Given the integration analyses are based on the resolution of bin 50, we visualized the spatial distribution of some marker genes at bin 1, bin 5, and bin 10 resolution, which is actually in the subcellular dimension. As a result, the gene expression pattern was roughly consistent with bin 50 and displayed more details (Supplementary Figure S5A). In addition, compared the distribution of genes and cells between Stereo-seq and a publicly available Visium dataset (Esquer et al., 2022), the highest resolution of Visium is 100 μm which can not accurately reveal the location of genes in situ (Supplementary Figure S5B).

Taken together, we have successfully integrated scRNA-seq and ST data, and those can be used for further and deeper multi-omics analysis.

Ultimately, we applied the SCENIC algorithm to our data for gene regulatory network reconstruction (Aibar et al., 2017). By doing so, we identified 99 regulons that displayed a distinct spatial distribution within the lung section, such as Hsfy2(+), Nr5a1(+), Mxd4(+), Foxj1(+), Hcfc(+), Hif1a(+), Ctcf(+), and Jund(+) (Figure 3A). We found that the spatial distribution of the regulatory activities of some regoluns remains consistent, such as Ctcf(+) and Jund(+). Next, we analyzed potential correlations between specific regulons with given lung structures (Figure 3B). We found that several regulon modules, including Ctcf(+), Jund(+), Tef(+), Jun(+), Klf2(+), Dbp(+), Ets2(+), Foxj1(+) were specifically enriched within the bronchioli.
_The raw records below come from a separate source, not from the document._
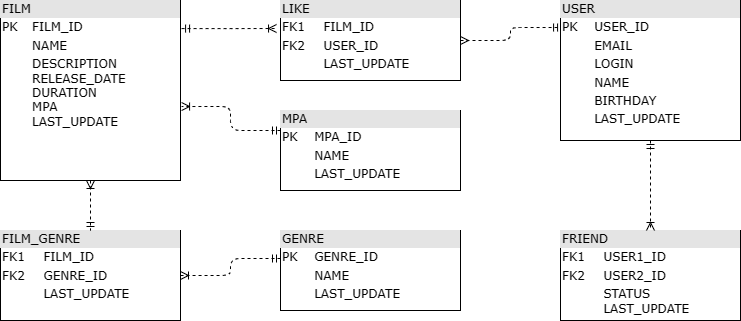

The diagram above was exported from draw.io. Its source (the exported page's mxGraphModel, read from the mxfile embedded in the PNG):
<mxGraphModel dx="1434" dy="764" grid="1" gridSize="10" guides="1" tooltips="1" connect="1" arrows="1" fold="1" page="1" pageScale="1" pageWidth="1100" pageHeight="850" background="none" math="0" shadow="0">
  <root>
    <mxCell id="0" />
    <mxCell id="1" parent="0" />
    <mxCell id="2ed32ef02a7f4228-1" value="&lt;div style=&quot;box-sizing:border-box;width:100%;background:#e4e4e4;padding:2px;&quot;&gt;FILM&lt;/div&gt;&lt;table style=&quot;width:100%;font-size:1em;&quot; cellpadding=&quot;2&quot; cellspacing=&quot;0&quot;&gt;&lt;tbody&gt;&lt;tr&gt;&lt;td&gt;PK&lt;/td&gt;&lt;td&gt;FILM_ID&lt;/td&gt;&lt;/tr&gt;&lt;tr&gt;&lt;td&gt;&lt;br&gt;&lt;/td&gt;&lt;td&gt;NAME&lt;/td&gt;&lt;/tr&gt;&lt;tr&gt;&lt;td&gt;&lt;/td&gt;&lt;td&gt;DESCRIPTION&lt;br&gt;RELEASE_DATE&lt;br&gt;DURATION&lt;br&gt;MPA&lt;br&gt;LAST_UPDATE&lt;br&gt;&lt;br&gt;&lt;/td&gt;&lt;/tr&gt;&lt;/tbody&gt;&lt;/table&gt;" style="verticalAlign=top;align=left;overflow=fill;html=1;rounded=0;shadow=0;comic=0;labelBackgroundColor=none;strokeWidth=1;fontFamily=Verdana;fontSize=12" parent="1" vertex="1">
      <mxGeometry x="110" y="50" width="180" height="180" as="geometry" />
    </mxCell>
    <mxCell id="2ed32ef02a7f4228-18" style="edgeStyle=orthogonalEdgeStyle;html=1;entryX=-0.022;entryY=0.35;dashed=1;labelBackgroundColor=none;startArrow=ERmandOne;endArrow=ERoneToMany;fontFamily=Verdana;fontSize=12;align=left;startFill=0;exitX=1.006;exitY=0.156;exitDx=0;exitDy=0;exitPerimeter=0;entryDx=0;entryDy=0;entryPerimeter=0;" parent="1" source="2ed32ef02a7f4228-1" target="2ed32ef02a7f4228-2" edge="1">
      <mxGeometry relative="1" as="geometry">
        <mxPoint x="550" y="280" as="targetPoint" />
      </mxGeometry>
    </mxCell>
    <mxCell id="2ed32ef02a7f4228-20" style="edgeStyle=orthogonalEdgeStyle;html=1;dashed=1;labelBackgroundColor=none;startArrow=ERmany;endArrow=ERmandOne;fontFamily=Verdana;fontSize=12;align=left;entryX=0.006;entryY=0.193;entryDx=0;entryDy=0;entryPerimeter=0;startFill=0;endFill=0;" parent="1" source="2ed32ef02a7f4228-2" target="2ed32ef02a7f4228-10" edge="1">
      <mxGeometry relative="1" as="geometry">
        <mxPoint x="830" y="135" as="targetPoint" />
      </mxGeometry>
    </mxCell>
    <mxCell id="2ed32ef02a7f4228-2" value="&lt;div style=&quot;box-sizing: border-box ; width: 100% ; background: #e4e4e4 ; padding: 2px&quot;&gt;LIKE&lt;/div&gt;&lt;table style=&quot;width: 100% ; font-size: 1em&quot; cellpadding=&quot;2&quot; cellspacing=&quot;0&quot;&gt;&lt;tbody&gt;&lt;tr&gt;&lt;td&gt;FK1&lt;/td&gt;&lt;td&gt;FILM_ID&lt;/td&gt;&lt;/tr&gt;&lt;tr&gt;&lt;td&gt;FK2&lt;/td&gt;&lt;td&gt;USER_ID&lt;/td&gt;&lt;/tr&gt;&lt;tr&gt;&lt;td&gt;&lt;/td&gt;&lt;td&gt;LAST_UPDATE&lt;/td&gt;&lt;/tr&gt;&lt;tr&gt;&lt;td&gt;&lt;/td&gt;&lt;td&gt;&lt;br&gt;&lt;/td&gt;&lt;/tr&gt;&lt;/tbody&gt;&lt;/table&gt;" style="verticalAlign=top;align=left;overflow=fill;html=1;rounded=0;shadow=0;comic=0;labelBackgroundColor=none;strokeWidth=1;fontFamily=Verdana;fontSize=12" parent="1" vertex="1">
      <mxGeometry x="390" y="50" width="180" height="80" as="geometry" />
    </mxCell>
    <mxCell id="2ed32ef02a7f4228-22" style="edgeStyle=orthogonalEdgeStyle;html=1;exitX=0;exitY=0.35;entryX=1;entryY=0.5;dashed=1;labelBackgroundColor=none;startArrow=ERmandOne;endArrow=ERoneToMany;fontFamily=Verdana;fontSize=12;align=left;exitDx=0;exitDy=0;entryDx=0;entryDy=0;exitPerimeter=0;" parent="1" source="2ed32ef02a7f4228-7" target="2ed32ef02a7f4228-5" edge="1">
      <mxGeometry relative="1" as="geometry">
        <mxPoint x="460" y="527.5" as="sourcePoint" />
      </mxGeometry>
    </mxCell>
    <mxCell id="2ed32ef02a7f4228-3" value="&lt;div style=&quot;box-sizing: border-box ; width: 100% ; background: #e4e4e4 ; padding: 2px&quot;&gt;MPA&lt;/div&gt;&lt;table style=&quot;width: 100% ; font-size: 1em&quot; cellpadding=&quot;2&quot; cellspacing=&quot;0&quot;&gt;&lt;tbody&gt;&lt;tr&gt;&lt;td&gt;PK&lt;/td&gt;&lt;td&gt;MPA_ID&lt;/td&gt;&lt;/tr&gt;&lt;tr&gt;&lt;td&gt;&lt;br&gt;&lt;/td&gt;&lt;td&gt;NAME&lt;/td&gt;&lt;/tr&gt;&lt;tr&gt;&lt;td&gt;&lt;/td&gt;&lt;td&gt;LAST_UPDATE&lt;/td&gt;&lt;/tr&gt;&lt;tr&gt;&lt;td&gt;&lt;br&gt;&lt;/td&gt;&lt;td&gt;&lt;br&gt;&lt;/td&gt;&lt;/tr&gt;&lt;/tbody&gt;&lt;/table&gt;" style="verticalAlign=top;align=left;overflow=fill;html=1;rounded=0;shadow=0;comic=0;labelBackgroundColor=none;strokeWidth=1;fontFamily=Verdana;fontSize=12" parent="1" vertex="1">
      <mxGeometry x="390" y="160" width="180" height="80" as="geometry" />
    </mxCell>
    <mxCell id="2ed32ef02a7f4228-5" value="&lt;div style=&quot;box-sizing:border-box;width:100%;background:#e4e4e4;padding:2px;&quot;&gt;FILM_GENRE&lt;/div&gt;&lt;table style=&quot;width:100%;font-size:1em;&quot; cellpadding=&quot;2&quot; cellspacing=&quot;0&quot;&gt;&lt;tbody&gt;&lt;tr&gt;&lt;td&gt;FK1&lt;/td&gt;&lt;td&gt;FILM_ID&lt;/td&gt;&lt;/tr&gt;&lt;tr&gt;&lt;td&gt;FK2&lt;/td&gt;&lt;td&gt;GENRE_ID&lt;/td&gt;&lt;/tr&gt;&lt;tr&gt;&lt;td&gt;&lt;/td&gt;&lt;td&gt;LAST_UPDATE&lt;br&gt;&lt;/td&gt;&lt;/tr&gt;&lt;/tbody&gt;&lt;/table&gt;" style="verticalAlign=top;align=left;overflow=fill;html=1;rounded=0;shadow=0;comic=0;labelBackgroundColor=none;strokeWidth=1;fontFamily=Verdana;fontSize=12" parent="1" vertex="1">
      <mxGeometry x="110" y="280" width="180" height="90" as="geometry" />
    </mxCell>
    <mxCell id="2ed32ef02a7f4228-7" value="&lt;div style=&quot;box-sizing: border-box ; width: 100% ; background: #e4e4e4 ; padding: 2px&quot;&gt;GENRE&lt;/div&gt;&lt;table style=&quot;width: 100% ; font-size: 1em&quot; cellpadding=&quot;2&quot; cellspacing=&quot;0&quot;&gt;&lt;tbody&gt;&lt;tr&gt;&lt;td&gt;PK&lt;/td&gt;&lt;td&gt;GENRE_ID&lt;/td&gt;&lt;/tr&gt;&lt;tr&gt;&lt;td&gt;&lt;br&gt;&lt;/td&gt;&lt;td&gt;NAME&lt;/td&gt;&lt;/tr&gt;&lt;tr&gt;&lt;td&gt;&lt;/td&gt;&lt;td&gt;LAST_UPDATE&lt;/td&gt;&lt;/tr&gt;&lt;tr&gt;&lt;td&gt;&lt;br&gt;&lt;/td&gt;&lt;td&gt;&lt;br&gt;&lt;/td&gt;&lt;/tr&gt;&lt;/tbody&gt;&lt;/table&gt;" style="verticalAlign=top;align=left;overflow=fill;html=1;rounded=0;shadow=0;comic=0;labelBackgroundColor=none;strokeWidth=1;fontFamily=Verdana;fontSize=12" parent="1" vertex="1">
      <mxGeometry x="390" y="280" width="180" height="80" as="geometry" />
    </mxCell>
    <mxCell id="2ed32ef02a7f4228-9" value="&lt;div style=&quot;box-sizing:border-box;width:100%;background:#e4e4e4;padding:2px;&quot;&gt;FRIEND&lt;/div&gt;&lt;table style=&quot;width:100%;font-size:1em;&quot; cellpadding=&quot;2&quot; cellspacing=&quot;0&quot;&gt;&lt;tbody&gt;&lt;tr&gt;&lt;td&gt;FK1&lt;/td&gt;&lt;td&gt;USER1_ID&lt;/td&gt;&lt;/tr&gt;&lt;tr&gt;&lt;td&gt;FK2&lt;/td&gt;&lt;td&gt;USER2_ID&lt;/td&gt;&lt;/tr&gt;&lt;tr&gt;&lt;td&gt;&lt;/td&gt;&lt;td&gt;STATUS&lt;br&gt;LAST_UPDATE&lt;/td&gt;&lt;/tr&gt;&lt;/tbody&gt;&lt;/table&gt;" style="verticalAlign=top;align=left;overflow=fill;html=1;rounded=0;shadow=0;comic=0;labelBackgroundColor=none;strokeWidth=1;fontFamily=Verdana;fontSize=12" parent="1" vertex="1">
      <mxGeometry x="670" y="280" width="180" height="90" as="geometry" />
    </mxCell>
    <mxCell id="2ed32ef02a7f4228-21" style="edgeStyle=orthogonalEdgeStyle;html=1;entryX=0.5;entryY=0;dashed=1;labelBackgroundColor=none;startArrow=ERmandOne;endArrow=ERoneToMany;fontFamily=Verdana;fontSize=12;align=left;" parent="1" source="2ed32ef02a7f4228-10" target="2ed32ef02a7f4228-9" edge="1">
      <mxGeometry relative="1" as="geometry" />
    </mxCell>
    <mxCell id="2ed32ef02a7f4228-10" value="&lt;div style=&quot;box-sizing: border-box ; width: 100% ; background: #e4e4e4 ; padding: 2px&quot;&gt;USER&lt;/div&gt;&lt;table style=&quot;width: 100% ; font-size: 1em&quot; cellpadding=&quot;2&quot; cellspacing=&quot;0&quot;&gt;&lt;tbody&gt;&lt;tr&gt;&lt;td&gt;PK&lt;/td&gt;&lt;td&gt;USER_ID&lt;/td&gt;&lt;/tr&gt;&lt;tr&gt;&lt;td&gt;&lt;br&gt;&lt;/td&gt;&lt;td&gt;EMAIL&lt;/td&gt;&lt;/tr&gt;&lt;tr&gt;&lt;td&gt;&lt;/td&gt;&lt;td&gt;LOGIN&lt;/td&gt;&lt;/tr&gt;&lt;tr&gt;&lt;td&gt;&lt;br&gt;&lt;/td&gt;&lt;td&gt;NAME&lt;br&gt;&lt;/td&gt;&lt;/tr&gt;&lt;tr&gt;&lt;td&gt;&lt;br&gt;&lt;/td&gt;&lt;td&gt;BIRTHDAY&lt;br&gt;&lt;/td&gt;&lt;/tr&gt;&lt;tr&gt;&lt;td&gt;&lt;br&gt;&lt;/td&gt;&lt;td&gt;LAST_UPDATE&lt;br&gt;&lt;/td&gt;&lt;/tr&gt;&lt;tr&gt;&lt;td&gt;&lt;br&gt;&lt;/td&gt;&lt;td&gt;&lt;/td&gt;&lt;/tr&gt;&lt;/tbody&gt;&lt;/table&gt;" style="verticalAlign=top;align=left;overflow=fill;html=1;rounded=0;shadow=0;comic=0;labelBackgroundColor=none;strokeWidth=1;fontFamily=Verdana;fontSize=12" parent="1" vertex="1">
      <mxGeometry x="670" y="50" width="180" height="140" as="geometry" />
    </mxCell>
    <mxCell id="2ed32ef02a7f4228-13" value="" style="edgeStyle=orthogonalEdgeStyle;html=1;endArrow=ERmandOne;startArrow=ERoneToMany;labelBackgroundColor=none;fontFamily=Verdana;fontSize=12;align=left;exitX=0.5;exitY=1;entryX=0.5;entryY=0;dashed=1;startFill=0;endFill=0;" parent="1" source="2ed32ef02a7f4228-1" target="2ed32ef02a7f4228-5" edge="1">
      <mxGeometry width="100" height="100" relative="1" as="geometry">
        <mxPoint x="350" y="370" as="sourcePoint" />
        <mxPoint x="450" y="270" as="targetPoint" />
      </mxGeometry>
    </mxCell>
    <mxCell id="Xfz2DlRe5Oy1vzPJ1gfh-1" style="edgeStyle=orthogonalEdgeStyle;html=1;exitX=0;exitY=0.25;entryX=1.006;entryY=0.589;dashed=1;labelBackgroundColor=none;startArrow=ERmandOne;endArrow=ERoneToMany;fontFamily=Verdana;fontSize=12;align=left;exitDx=0;exitDy=0;entryDx=0;entryDy=0;entryPerimeter=0;" edge="1" parent="1" source="2ed32ef02a7f4228-3" target="2ed32ef02a7f4228-1">
      <mxGeometry relative="1" as="geometry">
        <mxPoint x="360" y="250" as="sourcePoint" />
        <mxPoint x="260" y="267" as="targetPoint" />
      </mxGeometry>
    </mxCell>
  </root>
</mxGraphModel>

The regulon module with Hcfc1(+), Hif1a(+), Etv5(+), Tcf4(+), Nr1h3(+), Hes1(+) was instead preferentially located within alveoli, while the regulon module with Hsfy2(+), Nr5a1(+), Hoxc4(+), Neurod1(+), Cdx4(+), Foxg1(+), Nr2e3(+) was mainly distributed inside the alveoli according to the annotation of functional regions (Cusanovich et al., 2018). Jund has been reported to be involved in multiple mechanisms of cell fate regulation in the lung, including mediating transcriptional activation of angiotensinogen (Abdul-Hafez et al., 2009), inducing interleukin-6 (Eickelberg et al., 1999), and participating in lung carcinogenesis (Ruiz et al., 2021). Foxj1 affects the differentiation and functional performance of ciliated cells distributed throughout the airway tree, including the trachea, lobar bronchi, and terminal bronchiole (You et al., 2004; Koay et al., 2021). Hcfc1 drives cell-cycle gene expression as a transcriptional regulator, depending on heat-shock proteins 90 (Antonova et al., 2019). It was also shown that Foxg1 is the main target gene of MiR-378, which promotes the cell proliferation of non-small cell lung cancer when Foxg1 is inhibited (Ji et al., 2018). Similarly, Tcf4 has been shown to play a role in developing lung cancer, for example, by promoting M2 polarization of macrophages (Sun and Xu, 2019). Our data can identify the spatial distribution of regulons in the mouse lung, providing fundamental insight for understanding its functions in development and diseases.